鼻腔酸楚,徐映灼强撑道:“黎愿,以后我们还能……”
“不能。”黎大小姐墨镜一戴,冷酷地上车了。
黎愿今天刚出月子就争分夺秒地办了两件大事,一是和徐映灼离婚, 二是承包了5a级沿海大项目,忙得不可开交。
黎愿在会议室开会, 中午,徐映灼炖好了汤送去黎氏。陈揽接过:“您给我吧,黎董刚刚才进去, 估计要下午才散会。”
“今天炖的是松茸红枣鸽子汤, 补气血的。”月子期间徐映灼每天都炖了一份药膳, 黎愿不想看他,他担心黎愿在月子期动气,就让跑腿的送去。
陈揽笑眯眯地看着他离开,待人消失后眸光一冷,转身将那盅热气腾腾的汤倒进垃圾桶里, 一滴不剩。
“好哇!我就知道!黎愿瘦成那样,肯定没喝我炖的汤!”
徐映灼把他抓了个正着, 气急败坏地拎起他的衣领,青筋暴起,很想就地把他勒死。男人满脸怒色, 眼里翻涌着难以置信又情理之中的情绪,徐映灼用了陈述句:
“你果然喜欢她。
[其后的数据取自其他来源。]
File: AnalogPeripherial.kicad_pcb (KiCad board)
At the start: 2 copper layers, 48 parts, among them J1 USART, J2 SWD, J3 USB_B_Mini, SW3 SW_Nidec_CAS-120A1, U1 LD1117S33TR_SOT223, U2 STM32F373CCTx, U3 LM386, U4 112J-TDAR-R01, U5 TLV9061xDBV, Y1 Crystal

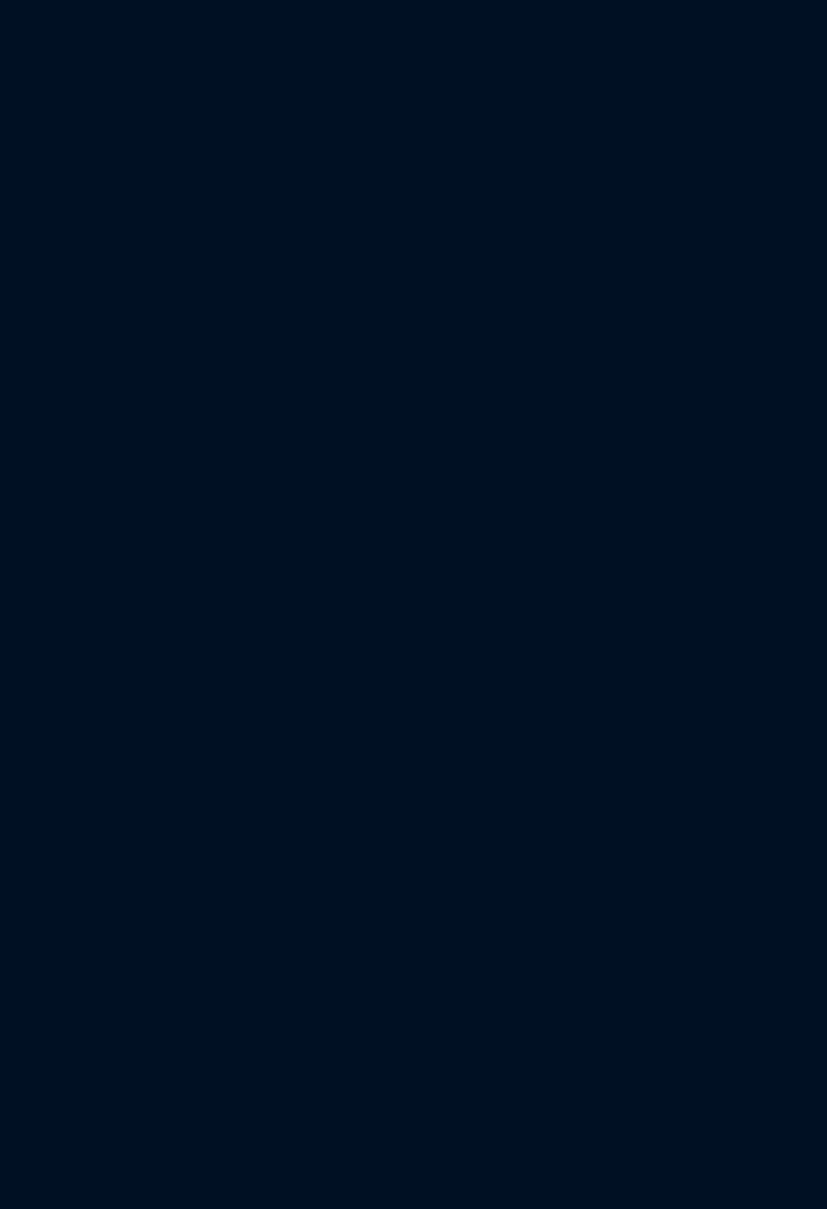
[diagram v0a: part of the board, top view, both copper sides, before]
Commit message: Add all footprint To do: 1. Add footprint and symbol to SD Card 2. Correct footprints and symobols 3. Finish the PCB design
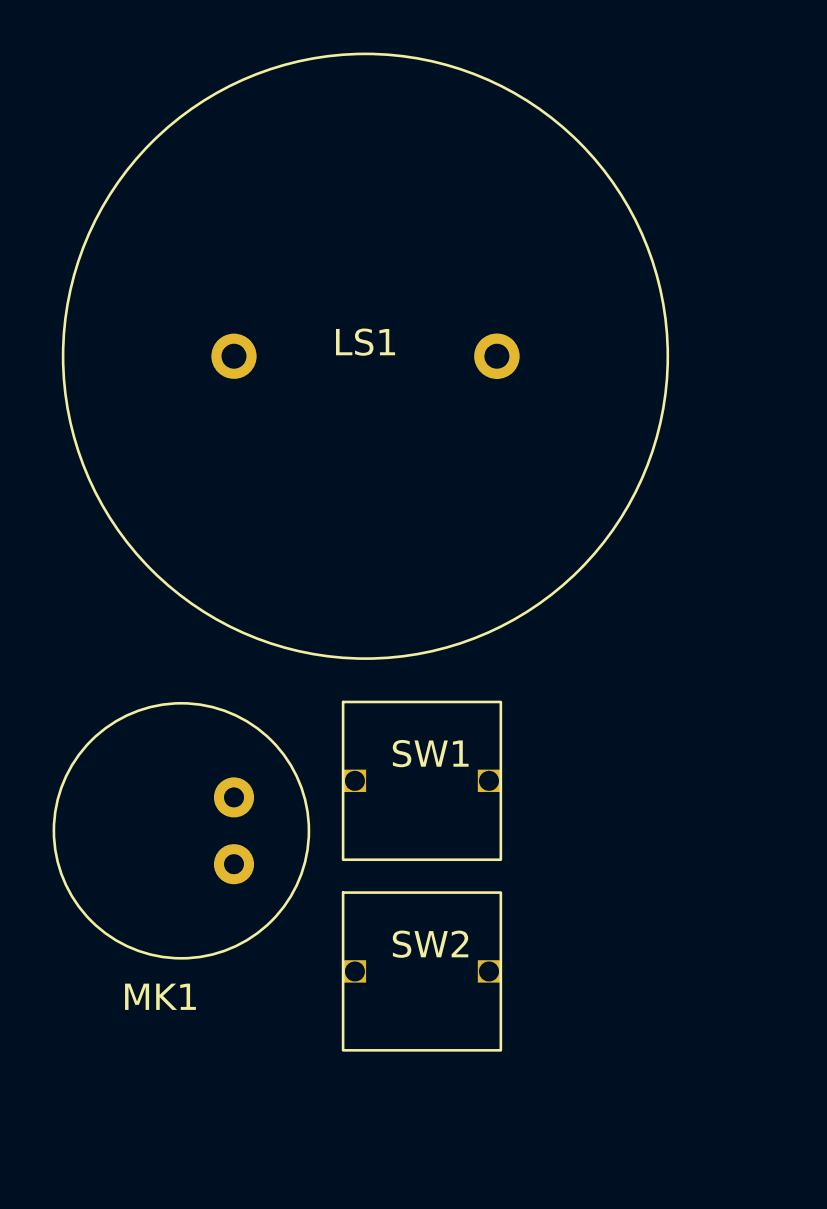
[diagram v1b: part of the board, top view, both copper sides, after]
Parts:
- added LS1: Speaker, my_custom_stuff:speaker, F.Cu at (61.5, 57.4)
- added MK1: Microphone, my_custom_stuff:microphone, F.Cu at (54.5, 75.4)
- added SW1: record, my_custom_stuff:button, F.Cu at (63.7, 73.5)
- added SW2: replay, my_custom_stuff:button, F.Cu at (63.7, 80.8)

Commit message: PCB progress
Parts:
- U4: value 112J-TDAR-R01 -> ~; footprint 112J_TDAR_R01:112J-TDAR-R01_ATT -> my_custom_stuff:microSD
- Y1: footprint Crystal:Crystal_HC18-U_Vertical -> Crystal:Crystal_HC49-4H_Vertical
- moved LS1 90.7 mm to (121.8, 125.2)
- moved SW1 90.0 mm to (148.4, 103.8)
- moved SW2 89.9 mm to (148.4, 111.0)
- moved MK1 78.4 mm to (132.8, 70.8), turned to -90 degrees
- moved J1 75.8 mm to (158.0, 100.1), turned to 180 degrees
- moved J2 72.6 mm to (157.8, 86.9), turned to 180 degrees
- moved SW3 72.0 mm to (157.8, 73.2)
- moved R1 68.8 mm to (157.1, 119.2), turned to 0 degrees
- moved U1 64.4 mm to (151.8, 127.4), turned to -90 degrees
- moved C9 62.0 mm to (153.1, 121.7), turned to 0 degrees
- moved D1 60.5 mm to (153.1, 119.2), turned to 180 degrees
- moved C3 56.9 mm to (150.5, 66.8)
- moved C4 53.2 mm to (148.3, 121.7), turned to 180 degrees
- moved C6 51.0 mm to (143.5, 66.6), turned to 180 degrees
- moved Y1 48.0 mm to (149.3, 70.8), turned to 180 degrees
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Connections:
- net USART_RX renamed USART1_RX
- net USART_TX renamed USART1_TX
- U2 pad 10: ADC1_IN1 -> unconnected-(U2-PA0-Pad10)
- U2 pad 11: unconnected-(U2-PA1-Pad11) -> ADC1_IN1
- U4 pad 1: SPI1_NSS -> unconnected-(U4-DAT2-Pad1)
- U4 pad 2: SPI1_MISO -> SPI1_NSS
- U4 pad 3: GND -> SPI1_MOSI
- U4 pad 6: unconnected-(U4-Pad6) -> GND
- U4 pad 7: SPI1_MOSI -> SPI1_MISO
- U4 pad 9: unconnected-(U4-Pad9) -> (no net)

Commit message: PCB design still in progress
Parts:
- added C23: 33p, Capacitor_SMD:C_0805_2012Metric_Pad1.18x1.45mm_HandSolder, F.Cu at (124.0, 70.0)
- added C24: 10u, Capacitor_SMD:C_0805_2012Metric_Pad1.18x1.45mm_HandSolder, F.Cu at (83.2, 110.0)
- C16: value 100p -> 100u
- C17: value 0.047u -> 0.05u
- C18: value 470u -> 250u
- C19: value 330n -> 68n
- C20: value 47u -> 40u
- C21: value 120p -> 995p
- C22: value 3.3u -> 150n
- R11: value 10k -> 100
- R6: value 5.9k -> 2.2k
- R7, R8: value 200k -> 100k
- R9: value 787 -> 78.7
- moved C18 42.5 mm to (91.0, 117.0)
- moved R5 41.1 mm to (96.5, 117.8)
- moved C16 41.1 mm to (95.5, 112.1)
- moved RV1 40.9 mm to (82.5, 113.0)
- moved C15 40.9 mm to (89.4, 108.5)
- moved U3 40.9 mm to (89.3, 112.6)
- moved C17 40.9 mm to (95.5, 114.6)
- moved LS1 33.0 mm to (89.5, 131.6)
- moved R1 30.3 mm to (143.5, 146.3), turned to -90 degrees
- moved C9 29.4 mm to (140.2, 148.1)
- moved D1 29.4 mm to (140.2, 145.6)
- moved U1 29.3 mm to (139.2, 153.8)
- moved C4 29.3 mm to (135.8, 148.1)
- moved SW1 27.5 mm to (172.4, 117.3), turned to 180 degrees
- moved R2 25.2 mm to (128.7, 148.6)
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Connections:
- net /NRST renamed Net-(U2-NRST)
- C22 pad 1: Net-(C21-Pad2) -> GND
- R11 pad 1: GND -> ADC1_IN1
- R11 pad 2: ADC1_IN1 -> Net-(C21-Pad2)
- RV1 pad 1: DAC1_OUT1 -> Net-(C24-Pad2)
- U2 pad 1: GND -> 3V3
- U2 pad 17: GND -> 3V3
- U2 pad 21: unconnected-(U2-PE8-Pad21) -> SPI1_NSS
- U2 pad 24: GND -> 3VA3
- U2 pad 38: SPI1_NSS -> unconnected-(U2-PA15-Pad38)
- U2 pad 48: GND -> 3V3
- U2 pad 9: GND -> 3VA3
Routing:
- net 3V3: track 0.00 -> 145.5 mm, vias 0 -> 5
- net USB+: track 0.00 -> 25.7 mm
- net USB-: track 0.00 -> 23.2 mm
- net BOOT0: track 0.00 -> 21.9 mm
- net SPI1_SCK: track 0.00 -> 21.1 mm, vias 0 -> 2
- net USART1_TX: track 0.00 -> 20.0 mm, vias 0 -> 1
- net DAC1_OUT1: track 0.00 -> 19.9 mm, vias 0 -> 2
- net SPI1_MOSI: track 0.00 -> 18.5 mm
- net USART1_RX: track 0.00 -> 18.1 mm, vias 0 -> 1
- net SPI1_NSS: track 0.00 -> 18.0 mm
- net SWDIO: track 0.00 -> 17.6 mm, vias 0 -> 1
- net VBUS: track 0.00 -> 17.5 mm
- net ADC1_IN1: track 0.00 -> 17.2 mm
- net HSE_IN: track 0.00 -> 17.2 mm
- net SPI1_MISO: track 0.00 -> 17.1 mm
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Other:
- board outline added: 52 x 73.6 mm

”
这个贱人,离婚证才办下来不到两小时,就按耐不住露出自己那点肮脏的心思。
陈揽被他拉扯着,眼镜从高挺的鼻梁划落,震怒的男人一脚将镜片踩得稀碎。他回过神,突然嗤了一声,眼里恭敬消失得无影无踪,笑容带着猖狂,压低声音,在他耳边说:
“她那么优秀,喜欢她不是很正常的事情吗?”
“贱人……”徐映灼彻底沉下脸,周身酝酿着超低的气压,仿佛一触即爆发。
他挥起拳头往他脸上招呼。
陈揽武力值没有他高,早就通知保安将暴怒的徐映灼拦住。